The dominant sediment source during the first two periods evaluated was shallow sub-surface soil (2–4 cm), demonstrating a shift in the dominant sediment source in the forest catchment after being affected by a wildfire, and the main drivers of sediment release were the overland flow and consequent rill erosion that occurred immediately after the rainy period started. In addition, forest road contribution was also important, especially during the last period evaluated, which has been reported by other studies in non-fire-affected forested catchments.
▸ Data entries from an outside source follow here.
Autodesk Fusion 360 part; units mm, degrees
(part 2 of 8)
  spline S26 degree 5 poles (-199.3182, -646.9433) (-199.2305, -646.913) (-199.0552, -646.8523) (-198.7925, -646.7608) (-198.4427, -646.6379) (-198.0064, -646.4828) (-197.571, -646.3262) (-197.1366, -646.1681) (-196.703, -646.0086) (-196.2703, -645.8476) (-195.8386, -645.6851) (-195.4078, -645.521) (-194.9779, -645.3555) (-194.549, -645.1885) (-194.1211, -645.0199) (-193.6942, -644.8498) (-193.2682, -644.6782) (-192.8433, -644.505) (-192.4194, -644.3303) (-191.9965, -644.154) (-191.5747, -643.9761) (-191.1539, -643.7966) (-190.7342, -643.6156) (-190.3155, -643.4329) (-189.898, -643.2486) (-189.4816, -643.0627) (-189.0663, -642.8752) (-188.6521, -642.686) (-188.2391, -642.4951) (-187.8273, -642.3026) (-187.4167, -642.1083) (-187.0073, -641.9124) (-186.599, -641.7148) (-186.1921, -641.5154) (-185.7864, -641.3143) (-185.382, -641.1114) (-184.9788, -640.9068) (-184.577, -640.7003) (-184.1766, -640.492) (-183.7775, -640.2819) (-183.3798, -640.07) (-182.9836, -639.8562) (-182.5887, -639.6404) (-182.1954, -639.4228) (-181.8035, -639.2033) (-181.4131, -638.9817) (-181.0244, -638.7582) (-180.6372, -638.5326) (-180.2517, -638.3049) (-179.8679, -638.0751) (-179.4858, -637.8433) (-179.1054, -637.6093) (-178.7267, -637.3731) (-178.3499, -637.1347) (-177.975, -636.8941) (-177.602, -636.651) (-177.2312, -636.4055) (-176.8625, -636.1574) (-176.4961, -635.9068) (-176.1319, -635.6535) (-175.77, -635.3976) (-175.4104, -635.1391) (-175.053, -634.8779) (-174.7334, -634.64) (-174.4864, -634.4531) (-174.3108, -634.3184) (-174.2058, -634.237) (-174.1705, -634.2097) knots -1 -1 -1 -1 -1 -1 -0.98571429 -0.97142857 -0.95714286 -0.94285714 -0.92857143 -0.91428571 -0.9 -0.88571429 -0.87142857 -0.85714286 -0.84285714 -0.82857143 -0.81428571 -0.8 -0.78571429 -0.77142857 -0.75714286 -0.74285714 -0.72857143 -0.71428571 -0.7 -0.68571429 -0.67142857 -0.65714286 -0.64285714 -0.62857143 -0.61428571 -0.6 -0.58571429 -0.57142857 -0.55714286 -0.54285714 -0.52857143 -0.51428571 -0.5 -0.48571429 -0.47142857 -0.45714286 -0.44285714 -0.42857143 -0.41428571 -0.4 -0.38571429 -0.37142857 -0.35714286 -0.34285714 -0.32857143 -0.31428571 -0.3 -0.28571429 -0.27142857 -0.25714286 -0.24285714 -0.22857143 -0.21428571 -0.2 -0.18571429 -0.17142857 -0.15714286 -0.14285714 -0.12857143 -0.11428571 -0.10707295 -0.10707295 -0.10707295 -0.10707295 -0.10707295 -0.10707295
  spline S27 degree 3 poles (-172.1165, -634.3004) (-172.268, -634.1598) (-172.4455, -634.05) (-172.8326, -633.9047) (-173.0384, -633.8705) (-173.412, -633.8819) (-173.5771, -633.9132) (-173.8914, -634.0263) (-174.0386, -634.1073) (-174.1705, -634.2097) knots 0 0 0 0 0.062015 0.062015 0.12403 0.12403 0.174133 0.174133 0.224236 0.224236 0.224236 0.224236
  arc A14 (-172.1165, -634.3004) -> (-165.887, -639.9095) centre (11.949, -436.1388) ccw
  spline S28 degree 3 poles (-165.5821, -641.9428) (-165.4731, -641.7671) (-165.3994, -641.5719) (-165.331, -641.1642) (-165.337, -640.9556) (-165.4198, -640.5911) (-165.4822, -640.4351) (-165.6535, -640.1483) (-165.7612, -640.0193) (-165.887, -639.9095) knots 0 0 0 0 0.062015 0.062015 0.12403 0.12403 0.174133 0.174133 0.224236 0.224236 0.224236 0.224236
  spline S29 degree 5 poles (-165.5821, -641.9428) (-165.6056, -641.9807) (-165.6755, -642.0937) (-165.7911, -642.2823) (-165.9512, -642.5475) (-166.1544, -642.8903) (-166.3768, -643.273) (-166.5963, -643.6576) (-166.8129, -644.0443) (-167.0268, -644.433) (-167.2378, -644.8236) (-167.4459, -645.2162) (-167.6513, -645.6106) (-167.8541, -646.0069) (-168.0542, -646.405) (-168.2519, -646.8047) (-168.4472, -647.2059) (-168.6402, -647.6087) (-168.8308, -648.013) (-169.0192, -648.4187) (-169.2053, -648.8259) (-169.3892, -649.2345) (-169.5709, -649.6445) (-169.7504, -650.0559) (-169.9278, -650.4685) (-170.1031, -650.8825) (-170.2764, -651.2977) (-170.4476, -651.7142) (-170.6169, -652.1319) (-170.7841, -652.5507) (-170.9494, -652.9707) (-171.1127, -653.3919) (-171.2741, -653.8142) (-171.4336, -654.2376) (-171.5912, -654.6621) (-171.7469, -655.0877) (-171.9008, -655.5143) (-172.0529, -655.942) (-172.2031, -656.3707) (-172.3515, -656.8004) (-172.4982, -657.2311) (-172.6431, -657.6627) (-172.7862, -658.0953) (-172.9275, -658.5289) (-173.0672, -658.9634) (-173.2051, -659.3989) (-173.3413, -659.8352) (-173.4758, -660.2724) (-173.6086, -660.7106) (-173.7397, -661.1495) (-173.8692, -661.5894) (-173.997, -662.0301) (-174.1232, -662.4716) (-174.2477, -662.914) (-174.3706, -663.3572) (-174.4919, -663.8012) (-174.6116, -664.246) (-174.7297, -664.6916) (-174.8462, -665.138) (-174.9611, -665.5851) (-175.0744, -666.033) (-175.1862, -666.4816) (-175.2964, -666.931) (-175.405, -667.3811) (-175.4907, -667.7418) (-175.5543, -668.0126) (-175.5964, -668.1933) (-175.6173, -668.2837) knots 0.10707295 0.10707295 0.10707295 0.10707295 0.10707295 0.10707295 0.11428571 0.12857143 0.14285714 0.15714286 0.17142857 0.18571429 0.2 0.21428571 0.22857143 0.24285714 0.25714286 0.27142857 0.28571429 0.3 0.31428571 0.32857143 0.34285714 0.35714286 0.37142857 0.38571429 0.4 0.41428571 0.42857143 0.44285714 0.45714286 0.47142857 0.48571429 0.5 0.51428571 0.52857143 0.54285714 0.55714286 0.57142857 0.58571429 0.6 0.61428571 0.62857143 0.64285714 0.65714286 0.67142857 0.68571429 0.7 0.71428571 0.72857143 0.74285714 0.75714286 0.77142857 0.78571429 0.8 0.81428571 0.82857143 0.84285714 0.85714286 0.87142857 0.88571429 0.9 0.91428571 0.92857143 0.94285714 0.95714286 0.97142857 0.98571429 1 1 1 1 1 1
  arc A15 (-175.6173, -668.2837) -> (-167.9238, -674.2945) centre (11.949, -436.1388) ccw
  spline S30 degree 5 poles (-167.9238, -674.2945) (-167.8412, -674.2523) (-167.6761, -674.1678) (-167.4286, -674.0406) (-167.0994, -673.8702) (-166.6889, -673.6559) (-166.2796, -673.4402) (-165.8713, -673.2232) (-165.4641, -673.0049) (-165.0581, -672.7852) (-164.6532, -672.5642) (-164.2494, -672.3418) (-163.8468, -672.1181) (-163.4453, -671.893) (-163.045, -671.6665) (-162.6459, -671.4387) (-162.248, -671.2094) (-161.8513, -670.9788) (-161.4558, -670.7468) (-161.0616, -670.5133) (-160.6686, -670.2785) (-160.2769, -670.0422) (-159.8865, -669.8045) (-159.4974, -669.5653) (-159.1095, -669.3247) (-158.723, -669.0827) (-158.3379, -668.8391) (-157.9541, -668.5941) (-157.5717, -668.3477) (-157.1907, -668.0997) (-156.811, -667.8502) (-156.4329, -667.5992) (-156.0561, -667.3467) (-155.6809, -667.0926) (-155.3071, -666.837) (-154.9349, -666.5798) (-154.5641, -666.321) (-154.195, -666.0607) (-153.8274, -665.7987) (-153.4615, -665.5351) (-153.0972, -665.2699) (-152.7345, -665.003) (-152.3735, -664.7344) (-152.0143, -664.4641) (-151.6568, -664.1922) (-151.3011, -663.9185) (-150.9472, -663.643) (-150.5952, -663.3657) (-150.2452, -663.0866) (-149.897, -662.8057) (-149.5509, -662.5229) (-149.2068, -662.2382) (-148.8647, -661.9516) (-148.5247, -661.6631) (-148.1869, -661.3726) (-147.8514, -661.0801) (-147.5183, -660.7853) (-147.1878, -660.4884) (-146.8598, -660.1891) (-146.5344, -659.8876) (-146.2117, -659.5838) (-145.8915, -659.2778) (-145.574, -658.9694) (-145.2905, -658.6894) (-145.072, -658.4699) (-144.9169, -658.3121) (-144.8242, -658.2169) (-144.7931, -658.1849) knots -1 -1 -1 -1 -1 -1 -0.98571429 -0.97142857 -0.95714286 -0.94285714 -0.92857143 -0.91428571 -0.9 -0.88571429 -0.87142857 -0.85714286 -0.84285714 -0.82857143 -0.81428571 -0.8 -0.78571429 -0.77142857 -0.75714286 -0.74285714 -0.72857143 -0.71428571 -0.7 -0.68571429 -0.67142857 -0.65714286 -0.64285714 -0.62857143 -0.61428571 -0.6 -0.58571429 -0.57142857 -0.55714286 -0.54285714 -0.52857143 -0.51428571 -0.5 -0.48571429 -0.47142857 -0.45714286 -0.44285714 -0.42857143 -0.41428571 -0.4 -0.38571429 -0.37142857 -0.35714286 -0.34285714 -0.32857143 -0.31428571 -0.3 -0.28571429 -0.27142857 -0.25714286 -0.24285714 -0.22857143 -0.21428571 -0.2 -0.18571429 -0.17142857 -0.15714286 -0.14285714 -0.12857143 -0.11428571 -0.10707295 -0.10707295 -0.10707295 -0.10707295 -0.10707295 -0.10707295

However, considerations should be given to (1) the strong negative correlation between the sub-surface soil and forest road global posterior distributions found in the mixing model apportionment, (2) the sample size of some source categories e.g. channel banks and (3) the low discrimination capacity of the selected tracers.

Finally, climate change and land use transformation into massive plantations of exotic tree species can increase wildfire frequency which in turn creates landscapes that are more vulnerable to erosion processes. The increase in the number of wildfires in Chile will generate a sustained source of sediment release into waterbodies, especially during rainy events with consequences for water supply and hydropower production. Early post-fire targeting and management of the potential sediment sources in forested catchment can reduce the off-site impacts of ashes and sediments released after rainy episodes. Herein, sediment fingerprinting can become an affordable tool for forest companies to assess and develop focalised strategies when attempting to face soil erosion problems and its downstream impacts that are risen after a wildfire event.